Records excerpted from a collection:
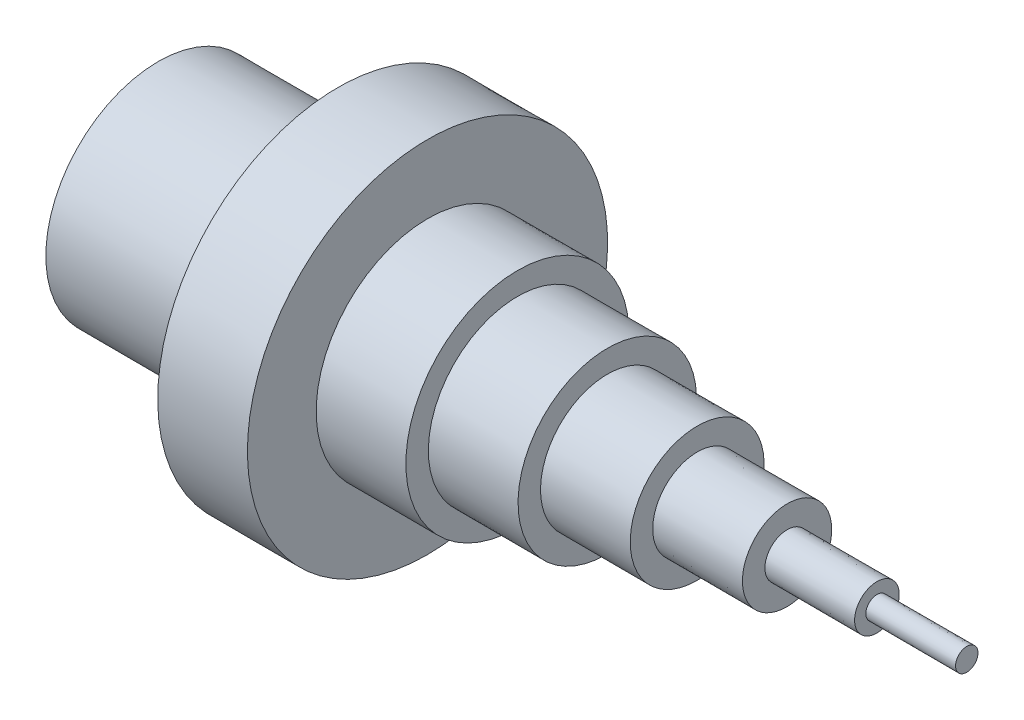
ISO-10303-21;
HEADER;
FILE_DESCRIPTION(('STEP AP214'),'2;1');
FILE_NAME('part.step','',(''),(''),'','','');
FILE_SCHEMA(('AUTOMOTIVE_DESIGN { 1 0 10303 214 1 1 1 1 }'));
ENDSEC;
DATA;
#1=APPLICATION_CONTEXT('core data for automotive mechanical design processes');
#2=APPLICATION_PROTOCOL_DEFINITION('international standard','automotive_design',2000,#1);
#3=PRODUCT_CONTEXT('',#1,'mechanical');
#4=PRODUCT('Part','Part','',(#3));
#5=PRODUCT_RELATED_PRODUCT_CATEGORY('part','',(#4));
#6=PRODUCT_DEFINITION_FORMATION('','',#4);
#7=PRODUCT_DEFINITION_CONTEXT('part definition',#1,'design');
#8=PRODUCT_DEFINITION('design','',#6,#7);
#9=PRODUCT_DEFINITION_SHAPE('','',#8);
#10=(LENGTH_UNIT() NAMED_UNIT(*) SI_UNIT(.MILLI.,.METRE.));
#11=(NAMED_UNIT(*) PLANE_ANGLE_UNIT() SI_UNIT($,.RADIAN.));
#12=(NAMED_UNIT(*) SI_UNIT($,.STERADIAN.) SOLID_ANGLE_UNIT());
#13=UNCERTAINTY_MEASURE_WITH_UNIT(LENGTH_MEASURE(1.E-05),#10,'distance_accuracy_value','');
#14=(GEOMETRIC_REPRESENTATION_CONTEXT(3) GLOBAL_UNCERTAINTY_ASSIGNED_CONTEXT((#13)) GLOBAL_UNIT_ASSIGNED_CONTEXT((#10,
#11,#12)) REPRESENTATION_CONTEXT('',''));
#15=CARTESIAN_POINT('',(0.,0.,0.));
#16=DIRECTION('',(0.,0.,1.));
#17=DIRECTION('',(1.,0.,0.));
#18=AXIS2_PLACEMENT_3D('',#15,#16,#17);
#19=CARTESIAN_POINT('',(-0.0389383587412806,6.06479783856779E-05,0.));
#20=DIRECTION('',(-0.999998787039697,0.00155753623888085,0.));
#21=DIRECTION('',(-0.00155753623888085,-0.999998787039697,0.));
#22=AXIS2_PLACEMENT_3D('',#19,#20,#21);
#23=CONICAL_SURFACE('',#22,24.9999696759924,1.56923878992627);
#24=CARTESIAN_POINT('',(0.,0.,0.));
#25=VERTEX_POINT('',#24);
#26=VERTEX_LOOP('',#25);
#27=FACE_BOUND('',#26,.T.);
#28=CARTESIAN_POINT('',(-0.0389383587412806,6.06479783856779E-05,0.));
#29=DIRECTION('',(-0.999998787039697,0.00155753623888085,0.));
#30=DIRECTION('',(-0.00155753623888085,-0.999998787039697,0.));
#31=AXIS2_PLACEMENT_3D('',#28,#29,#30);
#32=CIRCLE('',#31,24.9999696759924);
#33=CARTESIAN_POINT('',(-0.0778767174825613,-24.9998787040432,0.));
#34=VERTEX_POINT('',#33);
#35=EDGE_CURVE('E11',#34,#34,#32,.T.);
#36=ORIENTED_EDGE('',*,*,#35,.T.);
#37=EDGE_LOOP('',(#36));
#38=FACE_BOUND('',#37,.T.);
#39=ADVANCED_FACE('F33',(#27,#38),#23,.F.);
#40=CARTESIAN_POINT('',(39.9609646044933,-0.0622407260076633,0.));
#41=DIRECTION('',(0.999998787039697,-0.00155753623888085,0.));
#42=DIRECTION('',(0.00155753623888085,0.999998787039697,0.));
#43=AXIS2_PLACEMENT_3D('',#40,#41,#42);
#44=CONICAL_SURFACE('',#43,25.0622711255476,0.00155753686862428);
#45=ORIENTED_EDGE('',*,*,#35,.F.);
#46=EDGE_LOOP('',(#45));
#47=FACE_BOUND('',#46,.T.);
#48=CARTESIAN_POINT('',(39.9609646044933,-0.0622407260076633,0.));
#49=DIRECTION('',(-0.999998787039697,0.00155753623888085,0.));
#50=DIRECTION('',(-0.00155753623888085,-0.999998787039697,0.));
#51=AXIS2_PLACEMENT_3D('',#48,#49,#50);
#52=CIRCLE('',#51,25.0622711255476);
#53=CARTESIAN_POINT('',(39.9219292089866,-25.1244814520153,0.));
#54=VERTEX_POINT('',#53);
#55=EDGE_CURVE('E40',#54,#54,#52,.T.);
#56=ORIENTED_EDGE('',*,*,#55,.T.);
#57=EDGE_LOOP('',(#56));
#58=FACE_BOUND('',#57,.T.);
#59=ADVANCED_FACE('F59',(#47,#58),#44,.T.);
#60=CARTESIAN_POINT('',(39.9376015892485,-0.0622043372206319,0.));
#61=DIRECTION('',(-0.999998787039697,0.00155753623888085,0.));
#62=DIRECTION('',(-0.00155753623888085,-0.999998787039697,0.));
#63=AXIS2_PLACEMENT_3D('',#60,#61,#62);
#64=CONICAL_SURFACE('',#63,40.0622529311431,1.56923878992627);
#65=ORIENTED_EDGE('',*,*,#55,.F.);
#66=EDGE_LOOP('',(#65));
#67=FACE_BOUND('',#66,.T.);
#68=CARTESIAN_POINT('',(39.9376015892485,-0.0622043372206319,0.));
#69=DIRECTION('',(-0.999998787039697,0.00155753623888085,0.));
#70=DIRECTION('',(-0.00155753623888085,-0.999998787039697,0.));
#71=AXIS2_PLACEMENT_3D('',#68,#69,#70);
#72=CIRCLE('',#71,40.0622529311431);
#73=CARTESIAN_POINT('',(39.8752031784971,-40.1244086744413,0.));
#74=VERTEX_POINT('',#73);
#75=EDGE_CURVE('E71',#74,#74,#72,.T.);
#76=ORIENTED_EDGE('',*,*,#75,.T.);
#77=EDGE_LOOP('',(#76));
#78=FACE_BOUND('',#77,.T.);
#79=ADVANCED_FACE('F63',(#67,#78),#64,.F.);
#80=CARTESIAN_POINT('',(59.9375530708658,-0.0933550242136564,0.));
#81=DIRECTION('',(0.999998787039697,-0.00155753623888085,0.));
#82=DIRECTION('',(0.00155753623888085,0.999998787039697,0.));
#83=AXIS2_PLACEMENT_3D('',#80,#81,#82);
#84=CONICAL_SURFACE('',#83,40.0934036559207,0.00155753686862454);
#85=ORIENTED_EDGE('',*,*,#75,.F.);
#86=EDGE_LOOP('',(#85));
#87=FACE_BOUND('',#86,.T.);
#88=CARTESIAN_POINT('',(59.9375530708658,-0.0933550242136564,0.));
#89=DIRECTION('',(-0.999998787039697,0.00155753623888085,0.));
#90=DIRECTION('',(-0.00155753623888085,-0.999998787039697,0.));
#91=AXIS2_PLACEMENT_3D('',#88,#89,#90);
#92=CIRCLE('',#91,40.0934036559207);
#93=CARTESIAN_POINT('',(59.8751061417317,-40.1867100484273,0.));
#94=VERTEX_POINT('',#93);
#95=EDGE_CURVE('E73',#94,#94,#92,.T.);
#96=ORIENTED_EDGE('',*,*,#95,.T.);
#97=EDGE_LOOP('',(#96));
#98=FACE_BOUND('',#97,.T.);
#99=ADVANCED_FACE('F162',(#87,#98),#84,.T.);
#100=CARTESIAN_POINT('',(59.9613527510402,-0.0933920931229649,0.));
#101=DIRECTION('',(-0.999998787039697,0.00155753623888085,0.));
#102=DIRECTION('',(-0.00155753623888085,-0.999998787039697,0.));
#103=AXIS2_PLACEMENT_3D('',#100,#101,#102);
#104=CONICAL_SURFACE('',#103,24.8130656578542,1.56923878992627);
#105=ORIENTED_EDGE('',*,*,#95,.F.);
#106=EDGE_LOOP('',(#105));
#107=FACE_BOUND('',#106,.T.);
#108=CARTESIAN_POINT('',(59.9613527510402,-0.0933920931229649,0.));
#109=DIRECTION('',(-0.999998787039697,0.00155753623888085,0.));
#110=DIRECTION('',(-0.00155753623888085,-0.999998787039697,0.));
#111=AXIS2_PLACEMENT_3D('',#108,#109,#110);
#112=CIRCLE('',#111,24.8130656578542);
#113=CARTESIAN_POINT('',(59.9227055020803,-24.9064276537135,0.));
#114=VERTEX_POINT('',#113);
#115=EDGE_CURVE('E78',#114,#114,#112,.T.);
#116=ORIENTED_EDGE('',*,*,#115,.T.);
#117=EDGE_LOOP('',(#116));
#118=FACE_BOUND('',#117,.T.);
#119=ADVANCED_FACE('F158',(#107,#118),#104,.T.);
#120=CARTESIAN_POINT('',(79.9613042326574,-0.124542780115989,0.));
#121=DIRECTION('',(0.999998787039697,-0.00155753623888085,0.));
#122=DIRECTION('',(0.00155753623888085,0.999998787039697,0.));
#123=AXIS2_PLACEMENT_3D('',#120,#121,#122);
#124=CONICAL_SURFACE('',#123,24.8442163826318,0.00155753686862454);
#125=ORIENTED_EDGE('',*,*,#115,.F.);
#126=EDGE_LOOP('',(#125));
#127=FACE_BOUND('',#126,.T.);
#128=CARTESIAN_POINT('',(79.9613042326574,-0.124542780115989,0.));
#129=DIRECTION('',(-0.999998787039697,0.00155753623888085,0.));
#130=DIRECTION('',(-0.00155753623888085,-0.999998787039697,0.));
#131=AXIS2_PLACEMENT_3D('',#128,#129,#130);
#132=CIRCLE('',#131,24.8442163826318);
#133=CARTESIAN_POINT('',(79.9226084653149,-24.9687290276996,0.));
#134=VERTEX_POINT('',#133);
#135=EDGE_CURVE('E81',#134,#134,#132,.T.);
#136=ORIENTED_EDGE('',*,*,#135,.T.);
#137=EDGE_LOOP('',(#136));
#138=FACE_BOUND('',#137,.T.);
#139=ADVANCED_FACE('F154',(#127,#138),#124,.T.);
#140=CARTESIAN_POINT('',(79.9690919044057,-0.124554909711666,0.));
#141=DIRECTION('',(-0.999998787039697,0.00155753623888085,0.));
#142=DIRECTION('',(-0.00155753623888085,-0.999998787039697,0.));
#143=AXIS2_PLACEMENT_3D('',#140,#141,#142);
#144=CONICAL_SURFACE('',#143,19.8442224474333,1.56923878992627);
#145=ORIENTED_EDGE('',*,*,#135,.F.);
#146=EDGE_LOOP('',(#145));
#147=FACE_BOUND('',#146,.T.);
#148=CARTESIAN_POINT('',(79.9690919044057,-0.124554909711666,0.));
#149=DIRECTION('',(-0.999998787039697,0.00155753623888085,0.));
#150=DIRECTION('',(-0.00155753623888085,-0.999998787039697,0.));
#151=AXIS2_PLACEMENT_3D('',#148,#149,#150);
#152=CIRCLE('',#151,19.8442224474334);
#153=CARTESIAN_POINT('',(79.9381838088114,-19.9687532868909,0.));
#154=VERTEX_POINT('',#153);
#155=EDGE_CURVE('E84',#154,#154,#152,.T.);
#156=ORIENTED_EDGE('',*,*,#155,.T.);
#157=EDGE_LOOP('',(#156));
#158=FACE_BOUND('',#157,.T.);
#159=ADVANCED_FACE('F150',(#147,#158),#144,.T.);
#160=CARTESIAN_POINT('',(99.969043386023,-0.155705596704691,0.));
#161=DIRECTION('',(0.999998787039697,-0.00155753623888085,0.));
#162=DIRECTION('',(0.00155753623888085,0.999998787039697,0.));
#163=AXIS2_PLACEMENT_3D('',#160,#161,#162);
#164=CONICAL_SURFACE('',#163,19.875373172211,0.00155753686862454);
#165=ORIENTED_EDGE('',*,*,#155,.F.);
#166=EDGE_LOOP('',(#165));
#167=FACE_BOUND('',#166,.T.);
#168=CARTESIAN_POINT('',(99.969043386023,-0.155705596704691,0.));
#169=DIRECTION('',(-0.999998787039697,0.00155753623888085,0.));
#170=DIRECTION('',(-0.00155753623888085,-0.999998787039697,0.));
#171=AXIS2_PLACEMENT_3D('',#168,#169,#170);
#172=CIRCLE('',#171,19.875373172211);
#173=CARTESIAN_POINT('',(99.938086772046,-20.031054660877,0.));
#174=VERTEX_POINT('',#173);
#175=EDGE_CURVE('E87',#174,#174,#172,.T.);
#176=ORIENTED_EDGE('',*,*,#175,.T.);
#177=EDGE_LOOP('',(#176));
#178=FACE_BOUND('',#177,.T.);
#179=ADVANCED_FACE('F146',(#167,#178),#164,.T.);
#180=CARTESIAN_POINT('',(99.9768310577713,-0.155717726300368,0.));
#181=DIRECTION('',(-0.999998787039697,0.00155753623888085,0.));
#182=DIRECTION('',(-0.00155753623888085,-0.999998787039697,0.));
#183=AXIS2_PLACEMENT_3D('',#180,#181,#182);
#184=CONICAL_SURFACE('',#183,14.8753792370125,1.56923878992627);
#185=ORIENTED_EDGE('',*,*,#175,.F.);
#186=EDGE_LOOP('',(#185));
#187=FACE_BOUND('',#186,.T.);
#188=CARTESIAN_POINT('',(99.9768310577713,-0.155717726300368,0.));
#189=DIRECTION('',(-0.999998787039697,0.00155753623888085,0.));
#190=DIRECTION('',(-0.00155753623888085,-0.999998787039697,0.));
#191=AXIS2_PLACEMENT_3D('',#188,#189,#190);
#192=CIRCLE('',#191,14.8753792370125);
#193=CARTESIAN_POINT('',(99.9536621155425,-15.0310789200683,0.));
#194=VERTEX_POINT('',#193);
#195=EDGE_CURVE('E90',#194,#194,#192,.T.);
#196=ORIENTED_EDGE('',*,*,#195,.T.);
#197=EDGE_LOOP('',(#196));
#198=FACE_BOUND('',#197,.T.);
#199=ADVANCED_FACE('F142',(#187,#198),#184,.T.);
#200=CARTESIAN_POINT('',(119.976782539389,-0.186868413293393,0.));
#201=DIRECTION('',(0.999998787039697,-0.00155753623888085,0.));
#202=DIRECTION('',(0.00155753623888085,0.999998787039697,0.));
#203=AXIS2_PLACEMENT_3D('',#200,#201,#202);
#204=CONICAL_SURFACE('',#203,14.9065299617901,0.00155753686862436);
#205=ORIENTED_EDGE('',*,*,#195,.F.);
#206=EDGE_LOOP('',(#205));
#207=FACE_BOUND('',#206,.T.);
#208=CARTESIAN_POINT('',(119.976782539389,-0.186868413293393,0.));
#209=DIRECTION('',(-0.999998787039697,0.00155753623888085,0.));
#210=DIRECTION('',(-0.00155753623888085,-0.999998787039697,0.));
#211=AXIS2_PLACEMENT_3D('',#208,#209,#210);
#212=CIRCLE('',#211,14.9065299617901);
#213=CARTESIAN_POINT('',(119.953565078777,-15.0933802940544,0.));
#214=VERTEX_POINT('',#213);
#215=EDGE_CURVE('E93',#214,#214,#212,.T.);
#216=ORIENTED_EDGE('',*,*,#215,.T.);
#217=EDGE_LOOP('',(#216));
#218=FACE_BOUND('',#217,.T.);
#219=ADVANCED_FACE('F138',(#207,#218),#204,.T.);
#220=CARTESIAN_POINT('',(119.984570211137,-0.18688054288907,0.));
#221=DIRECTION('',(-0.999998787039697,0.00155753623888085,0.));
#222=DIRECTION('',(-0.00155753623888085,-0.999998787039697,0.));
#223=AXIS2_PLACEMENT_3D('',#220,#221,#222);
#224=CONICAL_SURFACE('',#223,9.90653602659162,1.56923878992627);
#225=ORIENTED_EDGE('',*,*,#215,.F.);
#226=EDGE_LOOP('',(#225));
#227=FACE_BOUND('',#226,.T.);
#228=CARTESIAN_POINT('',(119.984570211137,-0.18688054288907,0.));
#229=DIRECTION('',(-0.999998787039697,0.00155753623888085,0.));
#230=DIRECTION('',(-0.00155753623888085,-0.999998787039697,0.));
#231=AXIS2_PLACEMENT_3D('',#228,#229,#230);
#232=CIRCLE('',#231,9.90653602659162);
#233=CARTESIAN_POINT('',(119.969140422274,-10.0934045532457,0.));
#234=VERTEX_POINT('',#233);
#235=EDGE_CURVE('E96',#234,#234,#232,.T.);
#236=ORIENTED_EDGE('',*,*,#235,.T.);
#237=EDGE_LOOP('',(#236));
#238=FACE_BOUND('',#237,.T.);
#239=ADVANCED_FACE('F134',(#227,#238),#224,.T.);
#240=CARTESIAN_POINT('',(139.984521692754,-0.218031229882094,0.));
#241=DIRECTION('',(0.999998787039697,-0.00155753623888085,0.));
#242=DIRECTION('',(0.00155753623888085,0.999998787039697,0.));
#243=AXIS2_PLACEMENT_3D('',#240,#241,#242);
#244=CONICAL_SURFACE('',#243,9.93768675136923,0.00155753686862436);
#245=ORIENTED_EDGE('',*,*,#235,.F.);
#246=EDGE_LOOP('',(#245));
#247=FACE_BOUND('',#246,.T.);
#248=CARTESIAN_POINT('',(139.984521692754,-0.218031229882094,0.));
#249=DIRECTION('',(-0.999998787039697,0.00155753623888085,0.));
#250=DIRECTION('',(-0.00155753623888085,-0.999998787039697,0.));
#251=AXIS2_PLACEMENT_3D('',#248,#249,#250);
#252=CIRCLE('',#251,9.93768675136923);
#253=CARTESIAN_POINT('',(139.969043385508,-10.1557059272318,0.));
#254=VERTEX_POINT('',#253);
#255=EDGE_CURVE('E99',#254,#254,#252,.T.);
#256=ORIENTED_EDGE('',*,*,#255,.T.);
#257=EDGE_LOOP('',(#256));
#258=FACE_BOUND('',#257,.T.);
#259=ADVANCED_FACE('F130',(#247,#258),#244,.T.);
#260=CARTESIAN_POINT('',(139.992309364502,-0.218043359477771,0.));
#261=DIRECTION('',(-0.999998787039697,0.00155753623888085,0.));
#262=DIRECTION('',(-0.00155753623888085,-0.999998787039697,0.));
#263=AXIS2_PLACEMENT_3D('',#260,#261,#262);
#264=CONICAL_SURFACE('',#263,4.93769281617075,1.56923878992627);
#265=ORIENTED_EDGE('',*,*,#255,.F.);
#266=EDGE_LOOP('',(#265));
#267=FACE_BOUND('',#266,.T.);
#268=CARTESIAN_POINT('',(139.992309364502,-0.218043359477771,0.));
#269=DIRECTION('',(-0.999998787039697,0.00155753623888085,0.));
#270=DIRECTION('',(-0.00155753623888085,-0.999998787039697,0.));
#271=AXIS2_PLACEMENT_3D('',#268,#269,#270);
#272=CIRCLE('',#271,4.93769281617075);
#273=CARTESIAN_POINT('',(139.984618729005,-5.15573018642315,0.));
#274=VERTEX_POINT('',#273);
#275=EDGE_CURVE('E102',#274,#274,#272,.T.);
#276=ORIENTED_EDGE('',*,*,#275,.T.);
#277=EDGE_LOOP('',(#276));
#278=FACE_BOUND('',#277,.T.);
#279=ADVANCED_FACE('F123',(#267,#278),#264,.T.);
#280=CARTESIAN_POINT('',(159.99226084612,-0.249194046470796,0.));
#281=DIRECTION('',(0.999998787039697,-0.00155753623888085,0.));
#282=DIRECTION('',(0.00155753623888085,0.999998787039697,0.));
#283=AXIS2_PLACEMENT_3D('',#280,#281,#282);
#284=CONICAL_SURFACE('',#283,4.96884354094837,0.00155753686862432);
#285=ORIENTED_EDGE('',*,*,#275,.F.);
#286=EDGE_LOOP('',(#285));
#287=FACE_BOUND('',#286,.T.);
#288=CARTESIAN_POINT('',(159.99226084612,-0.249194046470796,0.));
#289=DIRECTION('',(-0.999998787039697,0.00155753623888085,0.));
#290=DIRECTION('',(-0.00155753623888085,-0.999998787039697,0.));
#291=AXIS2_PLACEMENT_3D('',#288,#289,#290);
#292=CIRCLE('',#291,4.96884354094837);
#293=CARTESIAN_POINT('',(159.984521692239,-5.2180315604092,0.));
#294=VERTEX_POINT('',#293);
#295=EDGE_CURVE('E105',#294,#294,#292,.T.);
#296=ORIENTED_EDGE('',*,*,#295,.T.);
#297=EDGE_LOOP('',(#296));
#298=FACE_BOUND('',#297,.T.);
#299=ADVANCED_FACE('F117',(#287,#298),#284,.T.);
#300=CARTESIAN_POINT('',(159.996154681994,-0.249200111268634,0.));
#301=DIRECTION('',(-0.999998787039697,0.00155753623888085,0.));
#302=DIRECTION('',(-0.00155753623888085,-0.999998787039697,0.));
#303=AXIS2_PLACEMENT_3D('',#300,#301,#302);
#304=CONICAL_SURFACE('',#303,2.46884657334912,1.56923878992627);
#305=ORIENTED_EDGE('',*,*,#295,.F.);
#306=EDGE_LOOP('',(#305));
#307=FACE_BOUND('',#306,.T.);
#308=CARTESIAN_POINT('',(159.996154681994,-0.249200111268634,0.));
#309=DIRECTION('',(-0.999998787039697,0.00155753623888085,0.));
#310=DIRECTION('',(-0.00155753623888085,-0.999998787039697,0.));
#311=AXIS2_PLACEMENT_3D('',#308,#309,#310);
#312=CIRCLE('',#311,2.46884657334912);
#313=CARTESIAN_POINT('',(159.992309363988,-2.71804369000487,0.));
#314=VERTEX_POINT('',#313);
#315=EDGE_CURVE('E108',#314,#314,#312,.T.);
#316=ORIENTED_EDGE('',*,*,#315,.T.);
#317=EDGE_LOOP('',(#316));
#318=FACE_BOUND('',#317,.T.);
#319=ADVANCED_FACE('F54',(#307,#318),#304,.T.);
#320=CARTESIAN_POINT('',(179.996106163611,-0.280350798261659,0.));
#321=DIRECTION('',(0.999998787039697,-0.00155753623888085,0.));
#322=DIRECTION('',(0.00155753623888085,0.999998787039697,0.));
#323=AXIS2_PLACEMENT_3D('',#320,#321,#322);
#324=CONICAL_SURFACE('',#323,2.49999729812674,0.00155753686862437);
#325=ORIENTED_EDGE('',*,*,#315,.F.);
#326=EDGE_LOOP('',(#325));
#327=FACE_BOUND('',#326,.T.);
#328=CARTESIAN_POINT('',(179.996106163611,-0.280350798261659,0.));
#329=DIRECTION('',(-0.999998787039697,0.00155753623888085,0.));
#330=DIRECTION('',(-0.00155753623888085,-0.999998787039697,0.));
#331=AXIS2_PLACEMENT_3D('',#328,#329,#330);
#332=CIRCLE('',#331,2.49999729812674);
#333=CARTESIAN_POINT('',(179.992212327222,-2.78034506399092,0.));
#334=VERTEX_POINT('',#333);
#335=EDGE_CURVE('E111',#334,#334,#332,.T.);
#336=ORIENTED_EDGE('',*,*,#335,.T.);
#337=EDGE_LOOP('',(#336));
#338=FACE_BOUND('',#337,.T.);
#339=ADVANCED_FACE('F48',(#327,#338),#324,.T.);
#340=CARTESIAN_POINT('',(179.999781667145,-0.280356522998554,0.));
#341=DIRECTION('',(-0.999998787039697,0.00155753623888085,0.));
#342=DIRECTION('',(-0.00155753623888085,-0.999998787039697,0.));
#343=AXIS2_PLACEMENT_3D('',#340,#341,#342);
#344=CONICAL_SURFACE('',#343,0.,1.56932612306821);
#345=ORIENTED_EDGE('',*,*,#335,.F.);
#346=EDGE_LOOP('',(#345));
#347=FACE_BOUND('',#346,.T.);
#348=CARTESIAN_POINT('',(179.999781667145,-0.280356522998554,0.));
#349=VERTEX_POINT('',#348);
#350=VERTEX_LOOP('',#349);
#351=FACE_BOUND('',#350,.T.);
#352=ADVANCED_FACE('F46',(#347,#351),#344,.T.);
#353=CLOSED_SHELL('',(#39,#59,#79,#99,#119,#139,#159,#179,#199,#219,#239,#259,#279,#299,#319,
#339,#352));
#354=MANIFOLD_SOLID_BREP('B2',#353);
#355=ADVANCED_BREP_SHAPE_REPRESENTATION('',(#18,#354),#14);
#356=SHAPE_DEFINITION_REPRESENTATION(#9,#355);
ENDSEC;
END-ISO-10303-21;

Requirement> Can you repeat, word for word, every line above from the one containing "#163=AXIS2_PLACEMENT_3D('',#160,#161,#162);" down to the one containing "#187=FACE_BOUND('',#186,.T.);", including both?

Solution to this exercise>
#163=AXIS2_PLACEMENT_3D('',#160,#161,#162);
#164=CONICAL_SURFACE('',#163,19.875373172211,0.00155753686862454);
#165=ORIENTED_EDGE('',*,*,#155,.F.);
#166=EDGE_LOOP('',(#165));
#167=FACE_BOUND('',#166,.T.);
#168=CARTESIAN_POINT('',(99.969043386023,-0.155705596704691,0.));
#169=DIRECTION('',(-0.999998787039697,0.00155753623888085,0.));
#170=DIRECTION('',(-0.00155753623888085,-0.999998787039697,0.));
#171=AXIS2_PLACEMENT_3D('',#168,#169,#170);
#172=CIRCLE('',#171,19.875373172211);
#173=CARTESIAN_POINT('',(99.938086772046,-20.031054660877,0.));
#174=VERTEX_POINT('',#173);
#175=EDGE_CURVE('E87',#174,#174,#172,.T.);
#176=ORIENTED_EDGE('',*,*,#175,.T.);
#177=EDGE_LOOP('',(#176));
#178=FACE_BOUND('',#177,.T.);
#179=ADVANCED_FACE('F146',(#167,#178),#164,.T.);
#180=CARTESIAN_POINT('',(99.9768310577713,-0.155717726300368,0.));
#181=DIRECTION('',(-0.999998787039697,0.00155753623888085,0.));
#182=DIRECTION('',(-0.00155753623888085,-0.999998787039697,0.));
#183=AXIS2_PLACEMENT_3D('',#180,#181,#182);
#184=CONICAL_SURFACE('',#183,14.8753792370125,1.56923878992627);
#185=ORIENTED_EDGE('',*,*,#175,.F.);
#186=EDGE_LOOP('',(#185));
#187=FACE_BOUND('',#186,.T.);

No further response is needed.